* Source records
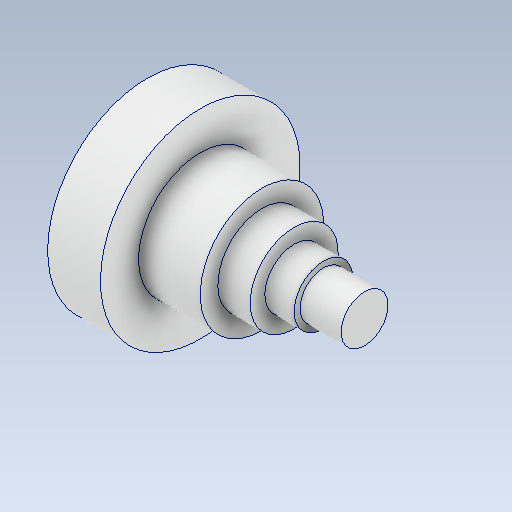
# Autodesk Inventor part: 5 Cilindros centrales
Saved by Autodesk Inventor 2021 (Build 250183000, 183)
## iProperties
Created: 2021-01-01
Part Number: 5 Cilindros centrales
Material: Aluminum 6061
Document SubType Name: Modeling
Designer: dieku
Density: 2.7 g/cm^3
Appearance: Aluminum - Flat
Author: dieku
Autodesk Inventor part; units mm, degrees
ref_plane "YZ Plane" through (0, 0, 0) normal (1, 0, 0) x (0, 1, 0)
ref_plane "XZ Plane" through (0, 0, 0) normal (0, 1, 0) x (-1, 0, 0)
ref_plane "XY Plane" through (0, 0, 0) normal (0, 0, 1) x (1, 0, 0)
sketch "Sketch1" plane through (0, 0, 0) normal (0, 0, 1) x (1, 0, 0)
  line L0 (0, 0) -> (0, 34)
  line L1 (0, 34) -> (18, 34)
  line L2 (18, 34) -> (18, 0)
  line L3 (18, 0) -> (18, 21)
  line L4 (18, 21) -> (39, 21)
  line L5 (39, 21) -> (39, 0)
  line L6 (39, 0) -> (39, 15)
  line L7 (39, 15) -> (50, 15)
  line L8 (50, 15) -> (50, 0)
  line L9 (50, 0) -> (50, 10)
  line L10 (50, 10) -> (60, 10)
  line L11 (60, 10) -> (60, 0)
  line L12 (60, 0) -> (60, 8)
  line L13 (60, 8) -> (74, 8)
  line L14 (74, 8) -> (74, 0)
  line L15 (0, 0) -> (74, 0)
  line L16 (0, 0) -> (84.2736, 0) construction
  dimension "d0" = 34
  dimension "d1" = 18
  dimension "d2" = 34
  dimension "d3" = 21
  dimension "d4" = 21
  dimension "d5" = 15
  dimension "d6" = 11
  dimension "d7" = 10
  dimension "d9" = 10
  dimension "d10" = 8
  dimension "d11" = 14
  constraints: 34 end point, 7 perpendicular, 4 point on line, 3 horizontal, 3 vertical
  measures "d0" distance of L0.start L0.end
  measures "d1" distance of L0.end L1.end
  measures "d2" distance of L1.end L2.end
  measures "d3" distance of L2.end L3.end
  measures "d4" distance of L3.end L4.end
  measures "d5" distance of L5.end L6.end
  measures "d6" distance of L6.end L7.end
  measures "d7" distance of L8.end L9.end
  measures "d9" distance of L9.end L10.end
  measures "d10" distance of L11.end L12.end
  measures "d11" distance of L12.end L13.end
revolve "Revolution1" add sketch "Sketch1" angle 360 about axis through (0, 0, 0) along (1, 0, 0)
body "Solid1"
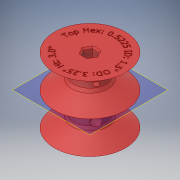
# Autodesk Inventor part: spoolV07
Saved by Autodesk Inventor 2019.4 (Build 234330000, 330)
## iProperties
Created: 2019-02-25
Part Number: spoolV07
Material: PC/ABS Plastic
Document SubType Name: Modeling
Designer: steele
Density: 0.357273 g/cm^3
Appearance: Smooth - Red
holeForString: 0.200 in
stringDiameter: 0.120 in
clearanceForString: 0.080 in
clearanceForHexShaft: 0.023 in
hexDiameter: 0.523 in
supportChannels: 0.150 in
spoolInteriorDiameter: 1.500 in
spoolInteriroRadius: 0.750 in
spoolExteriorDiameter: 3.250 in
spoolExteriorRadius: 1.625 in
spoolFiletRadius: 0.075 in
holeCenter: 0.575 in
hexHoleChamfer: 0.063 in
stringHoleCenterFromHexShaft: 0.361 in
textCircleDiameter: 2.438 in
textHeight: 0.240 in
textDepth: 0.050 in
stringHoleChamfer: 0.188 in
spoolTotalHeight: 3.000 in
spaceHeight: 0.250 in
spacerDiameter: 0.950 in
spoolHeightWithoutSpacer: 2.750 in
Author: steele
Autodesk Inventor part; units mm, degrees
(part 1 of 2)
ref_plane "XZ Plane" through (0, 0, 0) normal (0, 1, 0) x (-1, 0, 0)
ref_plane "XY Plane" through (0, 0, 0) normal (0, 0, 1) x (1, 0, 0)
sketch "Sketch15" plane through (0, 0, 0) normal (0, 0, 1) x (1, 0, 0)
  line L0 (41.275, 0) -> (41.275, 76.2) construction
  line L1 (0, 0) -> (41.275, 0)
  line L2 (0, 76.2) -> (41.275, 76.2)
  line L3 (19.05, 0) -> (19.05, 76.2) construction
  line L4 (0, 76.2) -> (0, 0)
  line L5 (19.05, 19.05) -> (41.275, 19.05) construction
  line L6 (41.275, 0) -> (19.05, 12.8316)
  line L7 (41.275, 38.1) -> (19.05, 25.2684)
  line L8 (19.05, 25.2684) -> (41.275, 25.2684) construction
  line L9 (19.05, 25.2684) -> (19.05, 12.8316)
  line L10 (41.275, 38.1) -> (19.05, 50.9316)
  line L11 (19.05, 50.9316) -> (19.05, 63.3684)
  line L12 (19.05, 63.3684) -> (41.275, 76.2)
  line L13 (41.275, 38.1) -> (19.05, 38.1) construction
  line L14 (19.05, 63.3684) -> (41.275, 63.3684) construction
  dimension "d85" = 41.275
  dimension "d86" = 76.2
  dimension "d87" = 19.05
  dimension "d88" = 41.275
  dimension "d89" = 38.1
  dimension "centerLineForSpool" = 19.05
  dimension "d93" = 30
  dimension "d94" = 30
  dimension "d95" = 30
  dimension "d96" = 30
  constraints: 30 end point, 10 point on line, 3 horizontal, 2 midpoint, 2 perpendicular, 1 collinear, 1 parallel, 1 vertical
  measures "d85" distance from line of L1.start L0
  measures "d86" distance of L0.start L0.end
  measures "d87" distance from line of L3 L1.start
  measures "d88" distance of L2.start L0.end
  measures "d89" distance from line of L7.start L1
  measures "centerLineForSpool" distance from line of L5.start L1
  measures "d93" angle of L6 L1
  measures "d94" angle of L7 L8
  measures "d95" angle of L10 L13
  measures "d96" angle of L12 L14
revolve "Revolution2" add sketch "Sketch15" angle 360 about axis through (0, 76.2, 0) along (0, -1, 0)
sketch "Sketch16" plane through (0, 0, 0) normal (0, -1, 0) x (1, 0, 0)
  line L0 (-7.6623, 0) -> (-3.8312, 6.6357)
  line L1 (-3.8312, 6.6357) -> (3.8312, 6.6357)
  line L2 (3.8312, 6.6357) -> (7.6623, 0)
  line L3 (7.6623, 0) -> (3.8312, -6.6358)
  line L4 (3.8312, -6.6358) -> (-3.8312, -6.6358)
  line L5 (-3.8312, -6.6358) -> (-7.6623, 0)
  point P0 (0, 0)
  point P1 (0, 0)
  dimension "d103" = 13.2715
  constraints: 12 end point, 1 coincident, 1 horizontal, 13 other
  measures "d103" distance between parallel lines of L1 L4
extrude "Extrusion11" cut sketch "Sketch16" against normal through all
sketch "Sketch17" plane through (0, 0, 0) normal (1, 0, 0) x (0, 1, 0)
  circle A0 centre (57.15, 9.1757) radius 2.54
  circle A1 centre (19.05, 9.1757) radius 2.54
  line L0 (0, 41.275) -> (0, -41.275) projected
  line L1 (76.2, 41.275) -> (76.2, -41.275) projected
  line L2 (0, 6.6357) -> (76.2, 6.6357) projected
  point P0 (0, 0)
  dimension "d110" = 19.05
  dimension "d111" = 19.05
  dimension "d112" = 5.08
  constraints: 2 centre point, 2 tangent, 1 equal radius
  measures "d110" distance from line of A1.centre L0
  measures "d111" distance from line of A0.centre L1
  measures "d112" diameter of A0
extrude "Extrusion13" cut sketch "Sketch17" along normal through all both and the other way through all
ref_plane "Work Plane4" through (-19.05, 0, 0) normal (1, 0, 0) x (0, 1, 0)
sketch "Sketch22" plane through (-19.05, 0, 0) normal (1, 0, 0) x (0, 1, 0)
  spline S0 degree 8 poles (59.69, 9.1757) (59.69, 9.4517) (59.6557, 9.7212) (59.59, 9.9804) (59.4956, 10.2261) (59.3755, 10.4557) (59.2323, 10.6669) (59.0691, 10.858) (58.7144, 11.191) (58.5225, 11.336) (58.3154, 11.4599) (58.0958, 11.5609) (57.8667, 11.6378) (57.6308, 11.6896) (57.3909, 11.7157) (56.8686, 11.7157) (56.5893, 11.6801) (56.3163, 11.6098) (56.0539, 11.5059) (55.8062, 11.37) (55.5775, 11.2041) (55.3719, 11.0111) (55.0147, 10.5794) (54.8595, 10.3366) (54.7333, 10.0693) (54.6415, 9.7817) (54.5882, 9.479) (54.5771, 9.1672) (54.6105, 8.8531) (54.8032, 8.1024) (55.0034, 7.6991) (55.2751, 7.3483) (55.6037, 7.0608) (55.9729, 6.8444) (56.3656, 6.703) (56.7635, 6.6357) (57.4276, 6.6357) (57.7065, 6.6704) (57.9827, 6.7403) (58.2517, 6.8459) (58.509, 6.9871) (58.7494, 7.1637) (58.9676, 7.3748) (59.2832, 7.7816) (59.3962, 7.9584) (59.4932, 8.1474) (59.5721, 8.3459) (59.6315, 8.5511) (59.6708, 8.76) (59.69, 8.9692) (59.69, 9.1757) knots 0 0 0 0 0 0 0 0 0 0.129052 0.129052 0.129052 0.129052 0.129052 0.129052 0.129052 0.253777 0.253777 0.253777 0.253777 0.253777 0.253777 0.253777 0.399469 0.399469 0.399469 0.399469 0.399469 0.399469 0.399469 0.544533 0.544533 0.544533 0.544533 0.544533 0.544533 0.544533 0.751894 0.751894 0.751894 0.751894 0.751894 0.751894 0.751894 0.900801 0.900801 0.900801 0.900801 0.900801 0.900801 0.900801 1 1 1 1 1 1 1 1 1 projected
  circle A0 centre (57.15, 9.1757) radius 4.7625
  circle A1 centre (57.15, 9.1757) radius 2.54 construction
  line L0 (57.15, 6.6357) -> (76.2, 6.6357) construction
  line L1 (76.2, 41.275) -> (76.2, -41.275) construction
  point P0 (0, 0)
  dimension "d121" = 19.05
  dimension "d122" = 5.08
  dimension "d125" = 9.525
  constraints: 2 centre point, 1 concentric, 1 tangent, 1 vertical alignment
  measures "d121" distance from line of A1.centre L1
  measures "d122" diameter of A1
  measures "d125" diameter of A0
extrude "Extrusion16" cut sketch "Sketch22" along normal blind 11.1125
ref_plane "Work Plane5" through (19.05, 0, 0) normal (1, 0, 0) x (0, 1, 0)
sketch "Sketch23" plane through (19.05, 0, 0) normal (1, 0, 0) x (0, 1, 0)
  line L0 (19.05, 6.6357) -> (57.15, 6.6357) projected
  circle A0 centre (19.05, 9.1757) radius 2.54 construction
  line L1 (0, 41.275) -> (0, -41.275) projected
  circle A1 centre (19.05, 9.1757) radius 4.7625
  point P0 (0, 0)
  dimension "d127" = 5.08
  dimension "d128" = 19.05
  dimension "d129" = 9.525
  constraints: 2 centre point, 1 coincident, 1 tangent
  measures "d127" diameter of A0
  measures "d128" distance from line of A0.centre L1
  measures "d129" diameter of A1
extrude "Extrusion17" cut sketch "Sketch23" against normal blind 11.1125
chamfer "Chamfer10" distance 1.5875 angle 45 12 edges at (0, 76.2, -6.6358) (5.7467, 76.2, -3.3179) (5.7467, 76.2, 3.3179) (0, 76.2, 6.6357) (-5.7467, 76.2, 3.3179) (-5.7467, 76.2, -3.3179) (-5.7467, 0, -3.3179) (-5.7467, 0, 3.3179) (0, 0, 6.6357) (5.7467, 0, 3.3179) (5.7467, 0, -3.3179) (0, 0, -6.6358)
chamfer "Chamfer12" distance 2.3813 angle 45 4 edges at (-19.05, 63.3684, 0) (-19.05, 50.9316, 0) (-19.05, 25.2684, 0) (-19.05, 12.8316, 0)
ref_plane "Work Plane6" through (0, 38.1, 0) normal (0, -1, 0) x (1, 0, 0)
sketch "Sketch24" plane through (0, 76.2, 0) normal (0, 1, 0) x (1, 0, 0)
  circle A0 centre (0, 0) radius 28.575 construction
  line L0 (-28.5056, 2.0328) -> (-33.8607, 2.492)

* What you should do
As the answer, set down only the lines from the data above between the one holding "line L9 (19.05, 25.2684)" and the one holding "line L13 (41.275, 38.1)", inclusive, exactly as they read.

* Exercise answer
  line L9 (19.05, 25.2684) -> (19.05, 12.8316)
  line L10 (41.275, 38.1) -> (19.05, 50.9316)
  line L11 (19.05, 50.9316) -> (19.05, 63.3684)
  line L12 (19.05, 63.3684) -> (41.275, 76.2)
  line L13 (41.275, 38.1) -> (19.05, 38.1) construction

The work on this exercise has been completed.